Data to process:

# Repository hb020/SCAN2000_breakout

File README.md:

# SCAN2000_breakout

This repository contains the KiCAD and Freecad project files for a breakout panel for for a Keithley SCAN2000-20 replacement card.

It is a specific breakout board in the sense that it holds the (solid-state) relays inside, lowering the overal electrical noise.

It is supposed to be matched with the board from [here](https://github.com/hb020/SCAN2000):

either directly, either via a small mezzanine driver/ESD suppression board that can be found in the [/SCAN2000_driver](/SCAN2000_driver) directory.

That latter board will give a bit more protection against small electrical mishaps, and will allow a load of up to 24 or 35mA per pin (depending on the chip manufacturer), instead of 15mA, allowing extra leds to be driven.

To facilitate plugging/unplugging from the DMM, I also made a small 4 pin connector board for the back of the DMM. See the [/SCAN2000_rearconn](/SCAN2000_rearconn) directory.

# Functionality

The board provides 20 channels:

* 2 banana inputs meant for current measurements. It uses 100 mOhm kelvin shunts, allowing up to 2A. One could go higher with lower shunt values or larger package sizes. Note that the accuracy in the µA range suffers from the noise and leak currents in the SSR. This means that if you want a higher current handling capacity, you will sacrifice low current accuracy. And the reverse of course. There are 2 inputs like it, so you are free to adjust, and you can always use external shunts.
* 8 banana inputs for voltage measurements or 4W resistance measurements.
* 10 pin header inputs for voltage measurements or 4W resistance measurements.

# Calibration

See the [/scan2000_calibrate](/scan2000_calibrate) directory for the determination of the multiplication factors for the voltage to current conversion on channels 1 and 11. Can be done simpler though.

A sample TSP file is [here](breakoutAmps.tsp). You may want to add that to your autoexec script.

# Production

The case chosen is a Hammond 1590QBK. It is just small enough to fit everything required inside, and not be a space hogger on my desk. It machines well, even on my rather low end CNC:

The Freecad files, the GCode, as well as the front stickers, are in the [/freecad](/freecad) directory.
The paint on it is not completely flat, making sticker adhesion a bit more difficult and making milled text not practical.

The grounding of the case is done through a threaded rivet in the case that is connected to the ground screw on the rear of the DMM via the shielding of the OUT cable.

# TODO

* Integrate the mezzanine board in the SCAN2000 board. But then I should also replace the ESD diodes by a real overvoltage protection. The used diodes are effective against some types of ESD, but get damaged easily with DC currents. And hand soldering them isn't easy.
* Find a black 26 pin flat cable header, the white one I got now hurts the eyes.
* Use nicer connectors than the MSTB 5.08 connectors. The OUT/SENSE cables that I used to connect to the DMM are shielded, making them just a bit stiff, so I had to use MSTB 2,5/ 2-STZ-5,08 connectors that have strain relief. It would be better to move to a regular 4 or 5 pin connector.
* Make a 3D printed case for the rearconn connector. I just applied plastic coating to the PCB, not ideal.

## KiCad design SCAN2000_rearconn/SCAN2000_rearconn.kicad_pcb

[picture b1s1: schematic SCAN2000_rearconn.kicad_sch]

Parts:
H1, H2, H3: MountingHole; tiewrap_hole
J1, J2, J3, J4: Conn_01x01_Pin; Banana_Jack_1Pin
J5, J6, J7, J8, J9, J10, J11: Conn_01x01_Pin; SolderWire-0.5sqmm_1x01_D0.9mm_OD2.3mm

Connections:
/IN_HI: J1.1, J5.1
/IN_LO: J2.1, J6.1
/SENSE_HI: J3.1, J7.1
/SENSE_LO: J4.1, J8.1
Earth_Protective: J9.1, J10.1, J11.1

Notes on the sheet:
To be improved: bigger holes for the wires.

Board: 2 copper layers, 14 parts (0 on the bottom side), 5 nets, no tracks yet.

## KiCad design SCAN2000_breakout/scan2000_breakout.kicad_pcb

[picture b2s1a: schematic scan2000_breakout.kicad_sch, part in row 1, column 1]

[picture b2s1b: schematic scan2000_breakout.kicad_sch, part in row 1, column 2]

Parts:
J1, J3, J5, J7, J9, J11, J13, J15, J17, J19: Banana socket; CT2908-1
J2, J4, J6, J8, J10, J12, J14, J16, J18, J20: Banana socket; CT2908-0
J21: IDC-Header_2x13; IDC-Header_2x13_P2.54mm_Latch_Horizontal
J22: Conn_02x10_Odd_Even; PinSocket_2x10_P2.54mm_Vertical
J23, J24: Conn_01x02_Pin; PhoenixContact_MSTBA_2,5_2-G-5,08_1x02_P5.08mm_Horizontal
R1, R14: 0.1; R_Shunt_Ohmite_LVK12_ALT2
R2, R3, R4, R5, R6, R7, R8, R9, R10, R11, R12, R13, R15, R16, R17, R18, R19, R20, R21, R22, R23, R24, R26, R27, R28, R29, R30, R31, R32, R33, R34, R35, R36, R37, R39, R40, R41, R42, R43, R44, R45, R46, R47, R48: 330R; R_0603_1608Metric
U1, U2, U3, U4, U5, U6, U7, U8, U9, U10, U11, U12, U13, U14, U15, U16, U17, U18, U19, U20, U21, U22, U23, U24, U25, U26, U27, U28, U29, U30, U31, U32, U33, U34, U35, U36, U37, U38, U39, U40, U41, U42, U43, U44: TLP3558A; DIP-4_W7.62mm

About this task: What lines of the material contain "picture"? Show them.

Task solution:
[picture b1s1: schematic SCAN2000_rearconn.kicad_sch]
[picture b2s1a: schematic scan2000_breakout.kicad_sch, part in row 1, column 1]
[picture b2s1b: schematic scan2000_breakout.kicad_sch, part in row 1, column 2]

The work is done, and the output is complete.